An article in Washington monthly by Daniel Block takes a look at the increasing maze of student voting restrictions that America’s learners have to go through to cast a ballot. The article focuses particularly on Texas and questions and attempts to see what students can do to remedy the situation in time for 2020.
According to the article,
Texas: home of corn dogs, Matthew McConaughey, and some of America’s most restrictive voting laws. To register yourself, you have to print out a form and deliver it to the county clerk, because unlike most states, Texas has no online voter registration. To help register others, you must be certified as a “volunteer deputy registrar,” a process that requires either taking an exam or attending an often long and awkwardly timed training session. Your certificate is only valid in the county where it is obtained.
The state has also made it harder to cast a ballot. Between 2013 and 2016, Texas eliminated more than 400 polling locations, the largest drop in any state during that time. In 2013, after years of litigation, it implemented a strict voter ID law. The law, which lists seven kinds of acceptable IDs, became infamous for its brazenly partisan implications—handgun licenses are okay, for example, while student IDs are not.

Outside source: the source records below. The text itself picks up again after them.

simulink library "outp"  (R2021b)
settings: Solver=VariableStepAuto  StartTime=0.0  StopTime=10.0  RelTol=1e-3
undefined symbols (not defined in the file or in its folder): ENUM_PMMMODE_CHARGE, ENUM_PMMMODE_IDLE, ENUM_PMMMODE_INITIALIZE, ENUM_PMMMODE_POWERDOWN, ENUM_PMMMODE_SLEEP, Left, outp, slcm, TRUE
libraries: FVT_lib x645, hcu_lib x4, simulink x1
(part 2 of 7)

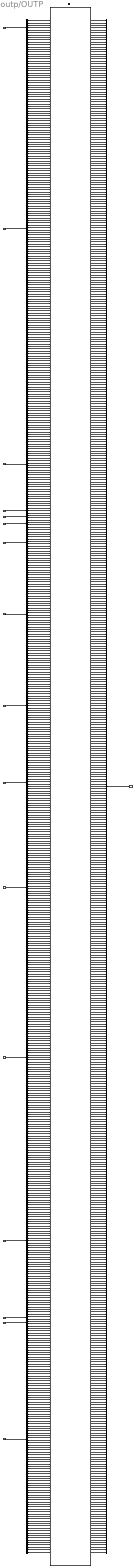
== system outp/OUTP ==
  BACC_outputs : Inport  OutDataTypeStr=Bus: BACC_outputs
  BAPM_outputs : Inport  Port=2  OutDataTypeStr=Bus: BAPM_outputs
  BBCM_outputs : Inport  Port=3  OutDataTypeStr=Bus: BBCM_outputs
  BDHP_outputs : Inport  Port=4  OutDataTypeStr=Bus: BDHP_outputs
  BDKC_outputs : Inport  Port=5  OutDataTypeStr=Bus: BDKC_outputs
  BDSC_outputs : Inport  Port=6  OutDataTypeStr=Bus: BDSC_outputs
  BNMM_outputs : Inport  Port=7  OutDataTypeStr=Bus: BNMM_outputs
  BPMM_outputs : Inport  Port=8  OutDataTypeStr=Bus: BPMM_outputs
  BSCP_outputs : Inport  Port=9  OutDataTypeStr=Bus: BSCP_outputs
  BSYS_outputs : Inport  Port=10  OutDataTypeStr=Bus: BSYS_outputs
  BTHC_outputs : Inport  Port=11  OutDataTypeStr=Bus: BTHC_outputs
  BTPM_outputs : Inport  Port=12  OutDataTypeStr=Bus: BTPM_outputs
  BTQD_outputs : Inport  Port=13  OutDataTypeStr=Bus: BTQD_outputs
  BTQR_outputs : Inport  Port=14  OutDataTypeStr=Bus: BTQR_outputs
  BV2L_outputs : Inport  Port=15  OutDataTypeStr=Bus: BV2L_outputs
  BVMC_outputs : Inport  Port=16  OutDataTypeStr=Bus: BVMC_outputs
  trig_OUTP : TriggerPort  TriggerType=function-call  VariantControl=(inherit)
  bus_creator : BusCreator  Inputs=645
  bus_selector1 : BusSelector  OutputSignals=VACC_HVTHCMSysAvail_enum,VACC_LVBattVoltSta_enum,VACC_VehHVPwrAvail4THCM_W,VACC_EHPSEnDem_enum,VACC_CACPresWarnSta_flg,VACC_CACTempWarnSta_flg,VACC_EACEnDem_enum
  bus_selector10 : BusSelector  OutputSignals=VSYS_HWVer1_cnt,VSYS_HWVer2_cnt,VSYS_HWVer3_cnt,VSYS_CarModel1_cnt,VSYS_CarModel2_cnt,VSYS_CarModel3_cnt,VSYS_ECU1_cnt,VSYS_ECU2_cnt,VSYS_Major1_cnt,VSYS_Major2_cnt,VSYS_Minor1_cnt,VSYS_Minor2_cnt,VSYS_Patch1_cnt,VSYS_Patch2_cnt,VSYS_Country1_cnt,VSYS_Country2_cnt,VSYS_Variation_cnt,VSYS_Dash1_cnt,VSYS_Change1_cnt,VSYS_Change2_cnt,VSYS_Dash2_cnt,VSYS_SHA1_cnt,VSYS_SHA2_cnt,VSYS_SHA3_cnt,VSYS_SHA4_cnt,VSYS_SHA5_cnt,VSYS_SHA6_cnt,VSYS_SHA7_cnt,VSYS_SHA8_cnt,VSYS_NvWriteReqRisingEdge_flg,VSYS_FdcSlpReqRisingEdge_flg,VSYS_FdcSlpTime_sec,VSYS_PmicBootReason_enum,VSYS_WisrBootReason_raw32,VSYS_AcoreRebootCmdACK_flg,VSYS_CurrentNmState_enum
  bus_selector11 : BusSelector  OutputSignals=VTHC_FDCompCmd_rpm,VTHC_FDSOV1Cmd_flg,VTHC_FDSOV2Cmd_flg,VTHC_FDSOV3Cmd_flg,VTHC_FDEXV1Cmd_step,VTHC_FDEXV2Cmd_step,VTHC_FDSOTXVCmd_flg,VTHC_FDFWVCmd_flg,VTHC_FDTWVCmd_pct,VTHC_FDFrWPTCHeatPwrCmd_W,VTHC_CoolgFanActDuty_pct,VTHC_FDAGSCmd_enum,VTHC_FDEWP1Cmd_enum,VTHC_FDEWP2Cmd_enum,VTHC_FDEWP3Cmd_enum,VTHC_FDFrLeAPTCHeatPwrCmd_W,VTHC_FDFrRiAPTCHeatPwrCmd_W,VTHC_FDRrAPTCHeatPwrCmd_W,VTHC_FDBlowerCmd_pct,VTHC_BatteryMode_enum,VTHC_EDriveMode_enum,VTHC_CabinMode_enum,VTHC_CCUACLampSts_flg,VTHC_CCUAutoLampSts_flg,VTHC_CCUACMaxLampSts_flg,VTHC_CCUSyncLampSts_flg,VTHC_sigAirIntenZon1St_enum,VTHC_sigWindDirZon1St_enum,VTHC_sigRecircSt_flg,VTHC_sigSetTempZon1St_C,VTHC_sigSetTempZon2St_C,VTHC_sigClntTHvBattOut_C,VTHC_sigCbnSolarLeft_W,VTHC_sigClntTHvBattIn_C,VTHC_sigCbnSolarRight_W,VTHC_sigAmbAirT_C,VTHC_sigCbnAirT_C,VTHC_ACSubMode_enum,VTHC_FDRecyAutoCmd_enum,VTHC_ACModeMem_enum,VTHC_Face_flg,VTHC_Foot_flg,VTHC_Frost_flg,VTHC_FaceM_flg,VTHC_FootM_flg,VTHC_CCUSyncSts_flg,VTHC_ACForceOFF_flg,VTHC_RecAutoFlg_flg,VTHC_AirIntenZone1M_enum,VTHC_fdefog_flg,VTHC_sigSetTempZon2StM_C,VTHC_FDCTHCMAPTCWarningSta_flg
  bus_selector12 : BusSelector  OutputSignals=VTPM_LFBatWarn_flg,VTPM_RFBatWarn_flg,VTPM_LRBatWarn_flg,VTPM_RRBatWarn_flg,VTPM_LFWheelPress_raw8,VTPM_RFWheelPress_raw8,VTPM_LRWheelPress_raw8,VTPM_RRWheelPress_raw8,VTPM_LFWheelTemp_C,VTPM_RFWheelTemp_C,VTPM_LRWheelTemp_C,VTPM_RRWheelTemp_C,VTPM_LFSensorFail_flg,VTPM_RFSensorFail_flg,VTPM_LRSensorFail_flg,VTPM_RRSensorFail_flg,VTPM_LFWheelDebug_flg,VTPM_LRWheelDebug_flg,VTPM_RFWheelDebug_flg,VTPM_RRWheelDebug_flg,VTPM_TPMSResButtAllow_flg,VTPM_TPMSCaliButtAllow_flg,VTPM_LFPressIndi_enum,VTPM_RFPressIndi_enum,VTPM_LRPressIndi_enum,VTPM_RRPressIndi_enum,VTPM_TPMSWarnIndi_enum,VTPM_LFWheelTmpIndi_flg,VTPM_RFWheelTmpIndi_flg,VTPM_LRWheelTmpIndi_flg,VTPM_RRWheelTmpIndi_flg,VTPM_LFWheelPSW_raw8,VTPM_LRWheelPSW_raw8,VTPM_RFWheelPSW_raw8,VTPM_RRWheelPSW_raw8,VTPM_CWheelTips_enum,VTPM_AutoLTips_enum,VTPM_LFSensorMode_flg,VTPM_RFSensorMode_flg,VTPM_LRSensorMode_flg,VTPM_RRSensorMode_flg,VTPM_S1ID_raw32,VTPM_S2ID_raw32,VTPM_S3ID_raw32,VTPM_S4ID_raw32,VTPM_S1L_enum,VTPM_S2L_enum,VTPM_S3L_enum,VTPM_S4L_enum,VTPM_ALFin_flg,VTPM_LFP20_raw8,VTPM_RFP20_raw8,VTPM_LRP20_raw8,VTPM_RRP20_raw8,VTPM_FAT_flg,VTPM_IDin_raw32,VTPM_S1WheelDebugALTU_pct,VTPM_S2WheelDebugALTU_pct,VTPM_S3WheelDebugALTU_pct,VTPM_S4WheelDebugALTU_pct,VTPM_ID1messageALTU_raw8,VTPM_ID2messageALTU_raw8,VTPM_ID3messageALTU_raw8,VTPM_ID4messageALTU_raw8,VTPM_Chkfin_flg,VTPM_SetIDLoc_flg,VTPM_TPMSStorge_flg,VTPM_ChkStorge_flg,VTPM_TPMSResButt_flg,VTPM_LFPindi_enum,VTPM_RFPind_enum,VTPM_LRPindi_enum,VTPM_RRPindi_enum,VTPM_WriteChkLFID_raw,VTPM_WriteChkRFID_raw,VTPM_WriteChkLRID_raw,VTPM_WriteChkRRID_raw,VTPM_WriteChkfinLFID_raw,VTPM_WriteChkfinRFID_raw,VTPM_WriteChkfinLRID_raw,VTPM_WriteChkfinRRID_raw,VTPM_Flashchkdatavalid_enum,VTPM_Flashdatavalid_enum,VTPM_unlearnSfali_flg,VTPM_unlearnSfailvalid_enum,VTPM_Prepresstempvalid_enum,VTPM_FlashS1ID_raw,VTPM_FlashS2ID_raw,VTPM_FlashS3ID_raw,VTPM_FlashS4ID_raw,VTPM_FlashIDvalid_enum
  bus_selector13 : BusSelector  OutputSignals=VTQD_ParkRequest_flg,VTQD_TqSourceFr_enum,VTQD_TqSourceRr_enum,VTQD_FrEDUAvailBrkRgnTq_Nm,VTQD_RrEDUAvailBrkRgnTq_Nm,VTQD_EVDriveMode_enum,VTQD_ShiftGearPosn_enum,VTQD_PButtonSta_enum,VTQD_FrActvDmpDisabReq_flg,VTQD_RrActvDmpDisabReq_flg,VTQD_FrRgnDecrSta_flg,VTQD_RrRgnDecrSta_flg,VTQD_DriverWhlTqDemFr_Nm,VTQD_DriverWhlTqDemRr_Nm,VTQD_FrEDUActTq_Nm,VTQD_RrEDUActTq_Nm,VTQD_FrEDURolRgnTq_Nm,VTQD_RrEDURolRgnTq_Nm,VTQD_FrEDUSpd_rpm,VTQD_RrEDUSpd_rpm,VTQD_FrEDUSpdValid_flg,VTQD_FrEDUAvailBrkRgnTqV_flg,VTQD_RrEDUSpdValid_flg,VTQD_RrEDUAvailBrkRgnTqV_flg,VTQD_RgnAbnorSta_flg,VTQD_PTCSPermSta_flg,VTQD_FrRgnPermSta_flg,VTQD_RrRgnPermSta_flg,VTQD_FrIdcMin_A,VTQD_FrIdcMax_A,VTQD_FrUdcMin_V,VTQD_FrUdcMax_V,VTQD_RrIdcMin_A,VTQD_RrIdcMax_A,VTQD_RrUdcMin_V,VTQD_RrUdcMax_V,VTQD_ReBrakeLPReq_flg,VTQD_CreepON_flg,VTQD_ActEMpTrq_pct,VTQD_ActMaxAvaEMRecpTrq_pct,VTQD_ActDriveDirect_enum,VTQD_DLEngaged_enum,VTQD_EMTrqModeDrvBrk_enum,VTQD_ActEMpTrqHrls_pct,VTQD_ActEMOutSftSpd_rpm,VTQD_DrvDemEMRtapTrq_pct,VTQD_SACtrlDev_enum,VTQD_RetSelNonEng_pct,VTQD_ShiftPgs_enum,VTQD_AccPedal1LowSW_enum,VTQD_AccPedalPos1_pct,VTQD_ParkBrakeSW_enum,VTQD_VCUVehSpd_kph,VTQD_BrakeSW_enum,VTQD_NFricPercTorq_pct,VTQD_EMParasLoss_pct,VTQD_EEC2MSGCnt_raw,VTQD_EEC2MSGCS_raw,VTQD_FDCCHAEBSRd4BRSta_enum,VTQD_FDCCHAEBSHBSwSta_enum,VTQD_FDCCHAEBSHHSwSta_enum,VTQD_FDCVCUTUpAStaSta_enum,VTQD_FDCVCUDACStatusSta_enum
  bus_selector14 : BusSelector  OutputSignals=VTQR_FrTMTqReq_Nm,VTQR_RrTMTqReq_Nm
  bus_selector15 : BusSelector  OutputSignals=VV2L_ReqOBCV2LEna_enum,VV2L_ReqV2LIVIPopup_enum
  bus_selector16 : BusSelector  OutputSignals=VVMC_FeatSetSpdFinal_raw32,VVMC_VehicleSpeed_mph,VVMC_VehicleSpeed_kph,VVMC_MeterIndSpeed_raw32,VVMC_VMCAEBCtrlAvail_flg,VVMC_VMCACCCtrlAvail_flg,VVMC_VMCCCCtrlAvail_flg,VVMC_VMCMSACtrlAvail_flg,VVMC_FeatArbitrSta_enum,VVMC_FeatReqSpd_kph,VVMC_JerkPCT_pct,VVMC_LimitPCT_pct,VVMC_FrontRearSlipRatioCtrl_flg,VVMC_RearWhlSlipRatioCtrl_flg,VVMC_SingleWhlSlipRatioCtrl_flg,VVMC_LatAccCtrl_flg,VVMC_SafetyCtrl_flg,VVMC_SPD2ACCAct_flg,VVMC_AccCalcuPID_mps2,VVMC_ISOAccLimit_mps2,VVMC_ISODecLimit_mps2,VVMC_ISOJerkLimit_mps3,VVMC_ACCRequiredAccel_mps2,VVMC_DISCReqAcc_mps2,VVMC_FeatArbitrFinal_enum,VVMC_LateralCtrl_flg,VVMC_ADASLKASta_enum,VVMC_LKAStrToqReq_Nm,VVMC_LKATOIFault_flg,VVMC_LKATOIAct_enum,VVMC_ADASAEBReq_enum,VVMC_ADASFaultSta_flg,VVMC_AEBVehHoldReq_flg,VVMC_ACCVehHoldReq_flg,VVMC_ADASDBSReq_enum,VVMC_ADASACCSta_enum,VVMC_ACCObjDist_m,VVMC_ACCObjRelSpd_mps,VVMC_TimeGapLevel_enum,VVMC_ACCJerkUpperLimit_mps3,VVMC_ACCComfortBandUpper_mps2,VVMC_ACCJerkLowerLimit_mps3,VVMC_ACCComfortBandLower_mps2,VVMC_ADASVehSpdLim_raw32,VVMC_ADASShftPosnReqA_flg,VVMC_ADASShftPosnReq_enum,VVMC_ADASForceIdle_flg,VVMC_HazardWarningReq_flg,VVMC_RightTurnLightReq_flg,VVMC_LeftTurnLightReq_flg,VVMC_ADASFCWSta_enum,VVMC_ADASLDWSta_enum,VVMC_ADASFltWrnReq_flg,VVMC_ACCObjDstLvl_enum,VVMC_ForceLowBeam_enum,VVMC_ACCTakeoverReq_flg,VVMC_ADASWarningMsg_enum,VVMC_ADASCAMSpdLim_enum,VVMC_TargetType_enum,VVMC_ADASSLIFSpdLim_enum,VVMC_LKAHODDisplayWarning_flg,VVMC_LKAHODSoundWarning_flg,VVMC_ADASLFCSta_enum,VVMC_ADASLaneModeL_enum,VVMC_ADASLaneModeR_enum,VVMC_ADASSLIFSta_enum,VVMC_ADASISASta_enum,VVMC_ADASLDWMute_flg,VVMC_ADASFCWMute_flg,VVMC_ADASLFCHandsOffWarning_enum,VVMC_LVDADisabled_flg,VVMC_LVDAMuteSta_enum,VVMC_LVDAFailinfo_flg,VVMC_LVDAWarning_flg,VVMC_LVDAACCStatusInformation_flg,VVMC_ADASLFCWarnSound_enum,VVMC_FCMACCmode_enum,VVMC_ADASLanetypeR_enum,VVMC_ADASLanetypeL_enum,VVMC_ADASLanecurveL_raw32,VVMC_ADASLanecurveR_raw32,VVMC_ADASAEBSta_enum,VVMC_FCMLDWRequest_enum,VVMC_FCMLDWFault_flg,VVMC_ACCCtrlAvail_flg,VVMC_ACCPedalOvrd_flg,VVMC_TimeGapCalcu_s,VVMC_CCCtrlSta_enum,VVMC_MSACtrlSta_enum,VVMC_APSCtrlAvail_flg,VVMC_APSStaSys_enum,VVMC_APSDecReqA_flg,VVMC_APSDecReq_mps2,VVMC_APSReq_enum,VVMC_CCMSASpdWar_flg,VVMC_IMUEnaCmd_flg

All of which makes the following statistic so surprising: at the University of Texas at Austin, the state’s flagship university, undergraduate turnout increased from almost 39 percent to 53 percent between 2012 and 2016. Over that same time period, national youth turnout stayed roughly constant. The National Study of Learning, Voting, and Engagement at Tufts University, which calculates campus voting rates, has not yet released numbers for last year’s midterms. But at UT Austin’s on-campus polling locations, the number of early ballots cast was more than three times higher than it was in 2014. (Travis County only provides polling site specific data for early voting.)